I get out of the gym at the Shepherd University Wellness Center and go downstairs to the Cafe where I get my post-exercise coffee and plop down in front of the lobby television. Today on C-Span 3 they were showing an all Republican Health Care panel, supposedly exposing all the things wrong with the countries that have single-payer (read “socialized medicine”) health plans.
And, of course, the Congress- men and – women were quoting and basing their arguments on stuff from the “highly non-partisan” Lewin Group.
Did I say that the Lewin Goup is non-partisan? Yeah.. that’s what the Republicans attacking the President’s plans are saying. But I read this in the WaPo a while later:
To Rep. Eric Cantor of Virginia, the House Republican whip, it is “the nonpartisan Lewin Group.” To Republicans on the House Ways and Means Committee, it is an “independent research firm.” To Sen. Orrin Hatch of Utah, the second-ranking Republican on the pivotal Finance Committee, it is “well known as one of the most nonpartisan groups in the country.”
Gee… they are all referring to this one, single consultancy. But the WaPo goes on:
Generally left unsaid amid all the citations is that the Lewin Group is wholly owned by United Health Group, one of the nation’s largest insurers.
Indeed, according to the NY Attorney General, the Lewin Group is a subset of Ingenix, a United Health subsidiary, that the American Medical Association has accused of helping insurers shift medical expenses to consumers by distributing skewed data (one of the reasons the AMA, I would guess, has surprisingly come out in support of Obama over the issue).
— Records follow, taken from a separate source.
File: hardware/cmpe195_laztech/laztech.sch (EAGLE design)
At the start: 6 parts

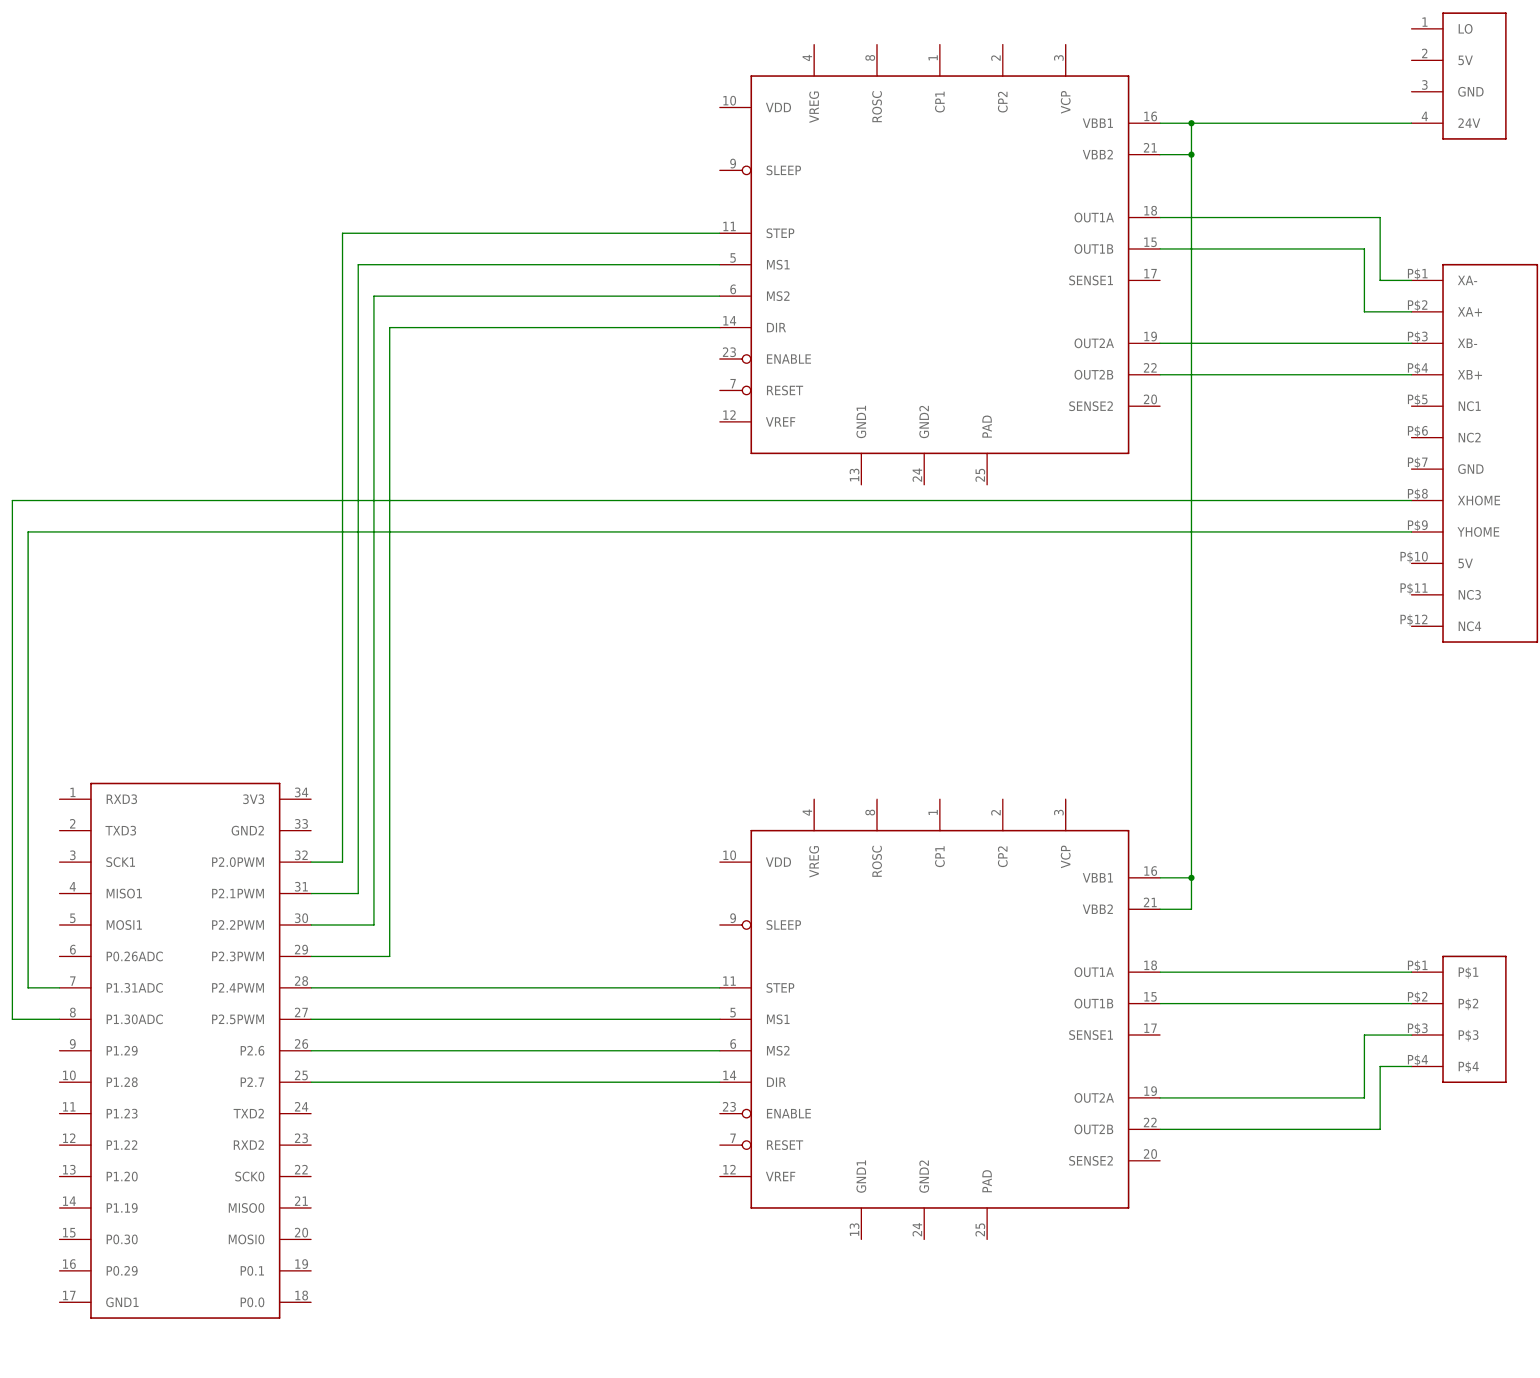
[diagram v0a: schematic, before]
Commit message: Added initial direct connections with no passives.
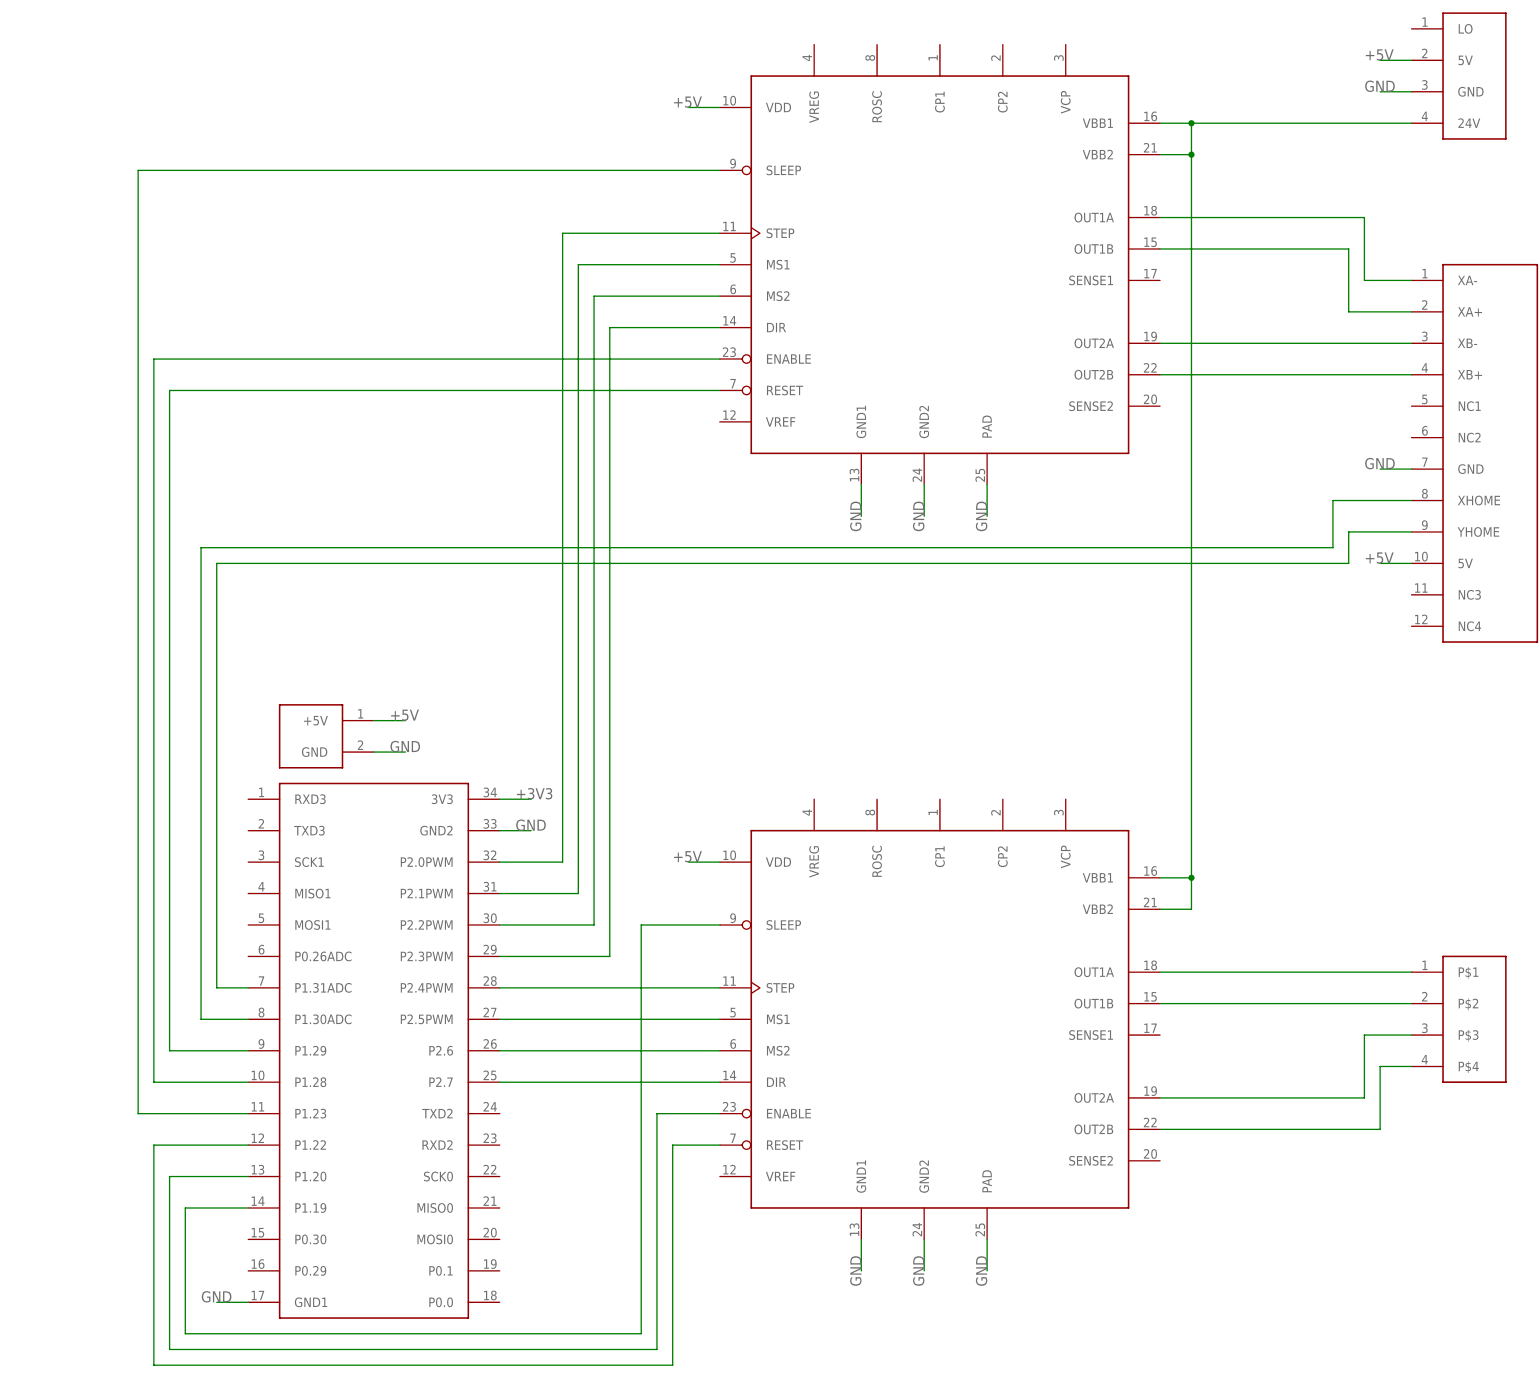
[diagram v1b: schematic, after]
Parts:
- added U$7: SJSUONEVIN, laztech_parts:SJSUONEVIN
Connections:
- new net +3V3: U$3.3V3
- new net +5V: U$1.VDD, U$2.VDD, U$4.5V, U$5.5V, U$7.+5V
- new net GND: U$1.GND1, U$1.GND2, U$1.PAD, U$2.GND1, U$2.GND2, U$2.PAD, U$3.GND1, U$3.GND2, U$4.GND, U$5.GND, U$7.GND
- new net N$20: U$2.ENABLE, U$3.P1.20
- new net N$21: U$2.RESET, U$3.P1.22
- new net N$22: U$2.SLEEP, U$3.P1.19
- new net N$23: U$1.RESET, U$3.P1.29
- new net N$24: U$1.ENABLE, U$3.P1.28
- new net N$25: U$1.SLEEP, U$3.P1.23

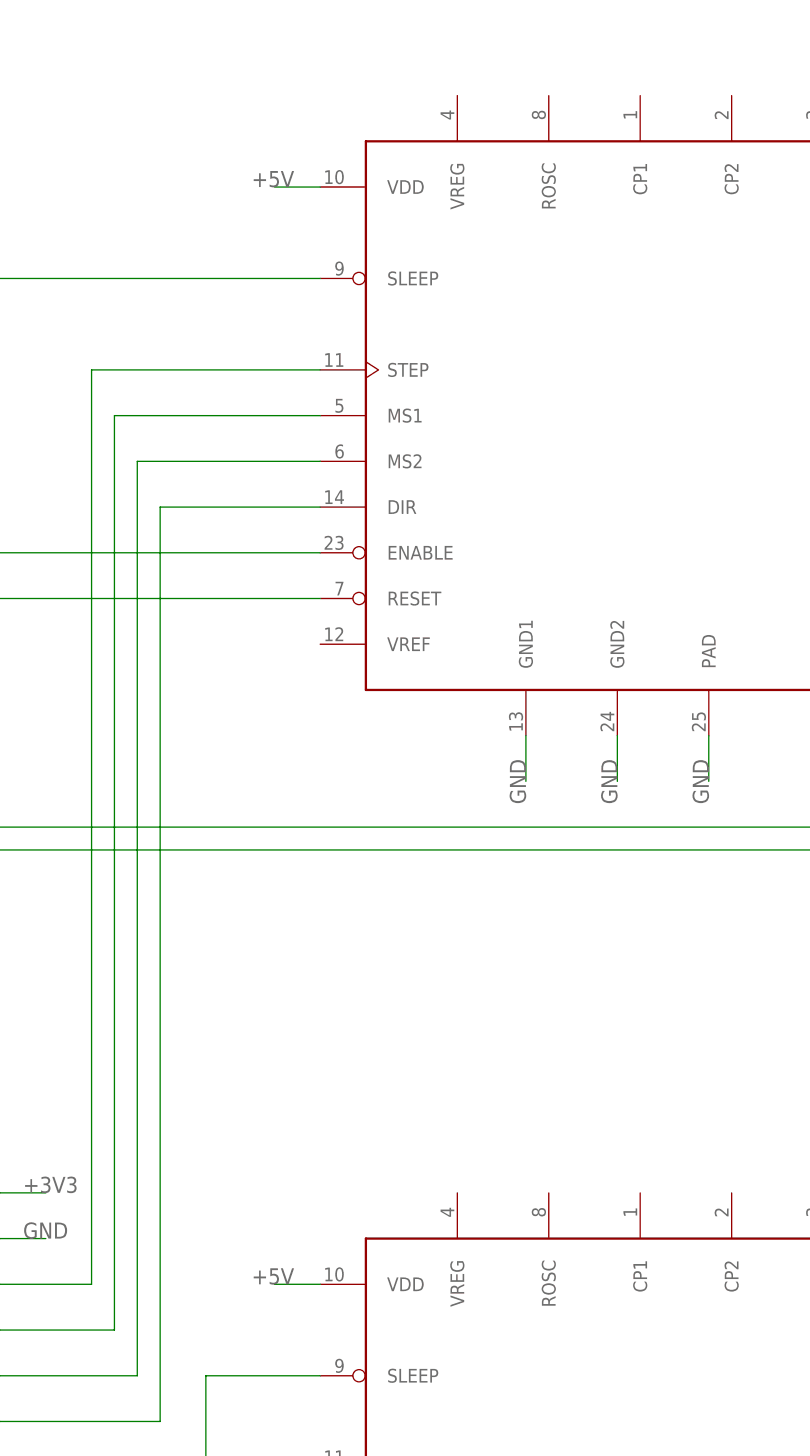
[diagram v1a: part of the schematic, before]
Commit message: Started board layout and added Rosc to ground.
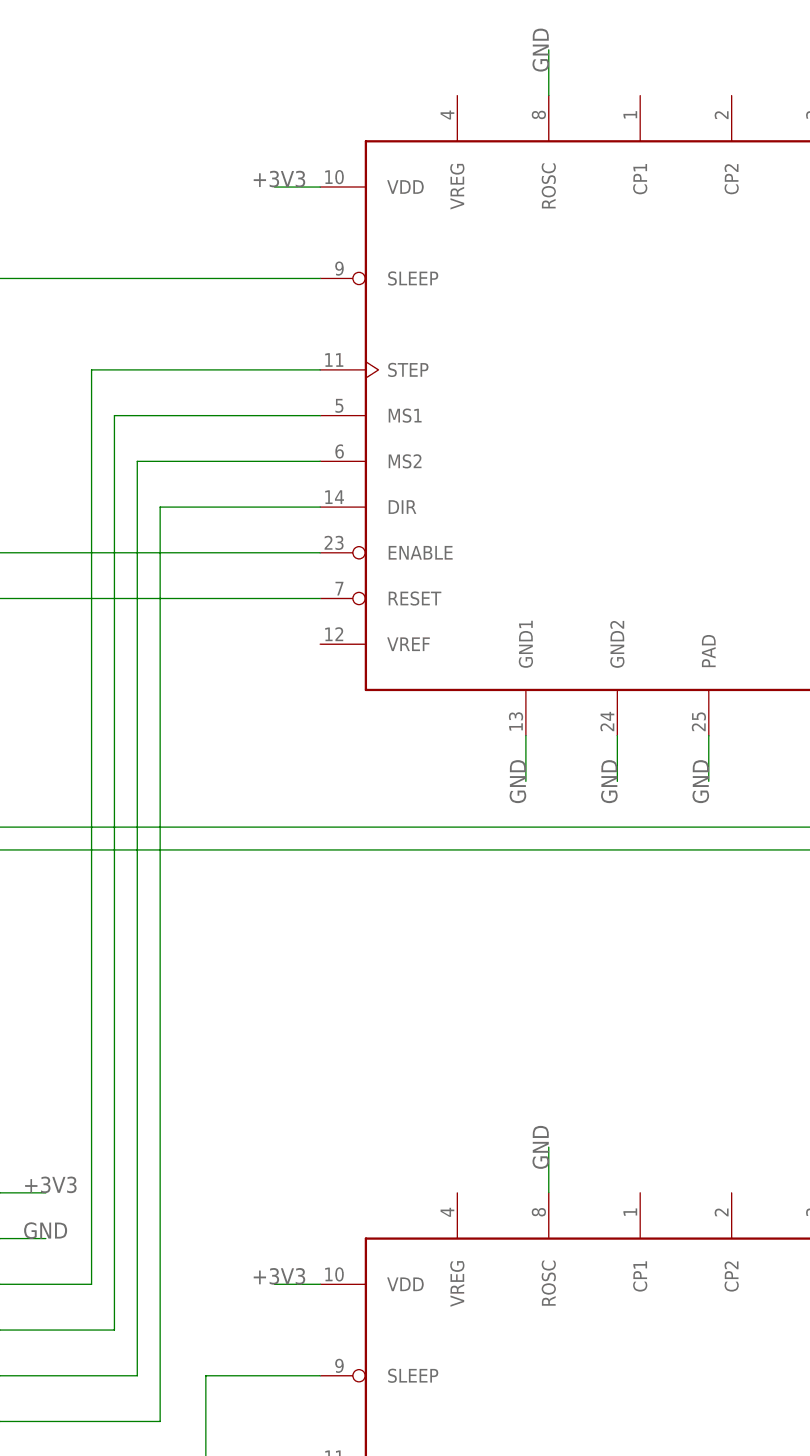
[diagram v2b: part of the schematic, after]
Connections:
- net +3V3: now also U$1.VDD, U$2.VDD
- net +5V: no longer U$1.VDD, U$2.VDD
- net GND: now also U$1.ROSC, U$2.ROSC
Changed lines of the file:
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@@
 <label x="231.14" y="149.86" size="1.778" layer="95"/>
+</segment>
+<segment>
+<pinref part="U$2" gate="G$1" pin="ROSC"/>
+<wire x1="309.88" y1="142.24" x2="309.88" y2="147.32" width="0.1524" layer="91"/>
+<label x="309.88" y="144.78" size="1.778" layer="95" rot="R90"/>
+</segment>
+<segment>
+<pinref part="U$1" gate="G$1" pin="ROSC"/>
+<wire x1="309.88" y1="264.16" x2="309.88" y2="269.24" width="0.1524" layer="91"/>
+<label x="309.88" y="266.7" size="1.778" layer="95" rot="R90"/>
 </segment>
 </net>
@@
 <label x="251.46" y="142.24" size="1.778" layer="95"/>
 </segment>
-</net>
-<net name="+5V" class="0">
 <segment>
 <pinref part="U$2" gate="G$1" pin="VDD"/>
@@
 <label x="276.86" y="254" size="1.778" layer="95"/>
 </segment>
+</net>
+<net name="+5V" class="0">
 <segment>
 <pinref part="U$4" gate="G$1" pin="5V"/>

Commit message: Replaced some connectors with SFE connecters.
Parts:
- U$3: value SJSUONE -> SJSUONEX; device laztech_parts:SJSUONE -> laztech_parts:SJSUONEX
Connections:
- net +5V: now also U$5.+5V; no longer U$5.5V
- net N$1: now also U$5.XB+; no longer U$5.XA-
- net N$10: now also U$5.XHOME; no longer U$5.YHOME
- net N$11: now also U$5.YHOME; no longer U$5.XHOME
- net N$2: now also U$5.XB-; no longer U$5.XA+
- net N$3: now also U$5.XA+; no longer U$5.XB-
- net N$4: now also U$5.XA-; no longer U$5.XB+
- net N$5: now also U$6.YA-; no longer U$6.P$1
- net N$6: now also U$6.YA+; no longer U$6.P$2
- net N$7: now also U$6.YB-; no longer U$6.P$3
- net N$8: now also U$6.YB+; no longer U$6.P$4

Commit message: Fixed more parts in library.
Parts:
- U$4: value K40KK -> K40-PWR; device laztech_parts:K40KK -> laztech_parts:K40-PWR
- U$5: value K40FFC -> K40-X; device laztech_parts:K40FFC -> laztech_parts:K40-X
- U$6: value K40JST -> K40-Y; device laztech_parts:K40JST -> laztech_parts:K40-Y
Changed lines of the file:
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@@
 <part name="U$2" library="laztech_parts" deviceset="A4985SLPTR-T" device=""/>
 <part name="U$3" library="laztech_parts" deviceset="SJSUONEX" device=""/>
-<part name="U$4" library="laztech_parts" deviceset="K40KK" device=""/>
-<part name="U$5" library="laztech_parts" deviceset="K40FFC" device=""/>
-<part name="U$6" library="laztech_parts" deviceset="K40JST" device=""/>
+<part name="U$4" library="laztech_parts" deviceset="K40-PWR" device=""/>
+<part name="U$5" library="laztech_parts" deviceset="K40-X" device=""/>
+<part name="U$6" library="laztech_parts" deviceset="K40-Y" device=""/>
 <part name="U$7" library="laztech_parts" deviceset="SJSUONEVIN" device=""/>
 </parts>

Lewin, which was bought by United Health in 2007, has tried to claim that there is no influence from this huge insurer on their opinions. Their Vice President, John Sheils claims there was no impact on them from Ingenix, which has now paid settlement fines to NY State and the AMA. The Insurance Industry, however, as represented by United Health, can push Lewin as npn-partisan, but it can also exert a kind of control over what is reported by them:
A February report contained information that could be used to argue for a single-payer system, the approach most threatening to private insurers, Sheils noted.
But not all of the firm’s reports see the light of day. For example, a study for the Blue Cross Blue Shield Association was never released, Sheils said.
“Let’s just say, sometimes studies come out that don’t show exactly what the client wants to see. And in those instances, they have [the] option to bury the study — to not release it, rather,” Sheils said.
If party politics could be squeezed out of the Health Care debates, we might have a whole new view of the truth… but, frankly, this will be a Democratic success, or it won’t happen at all.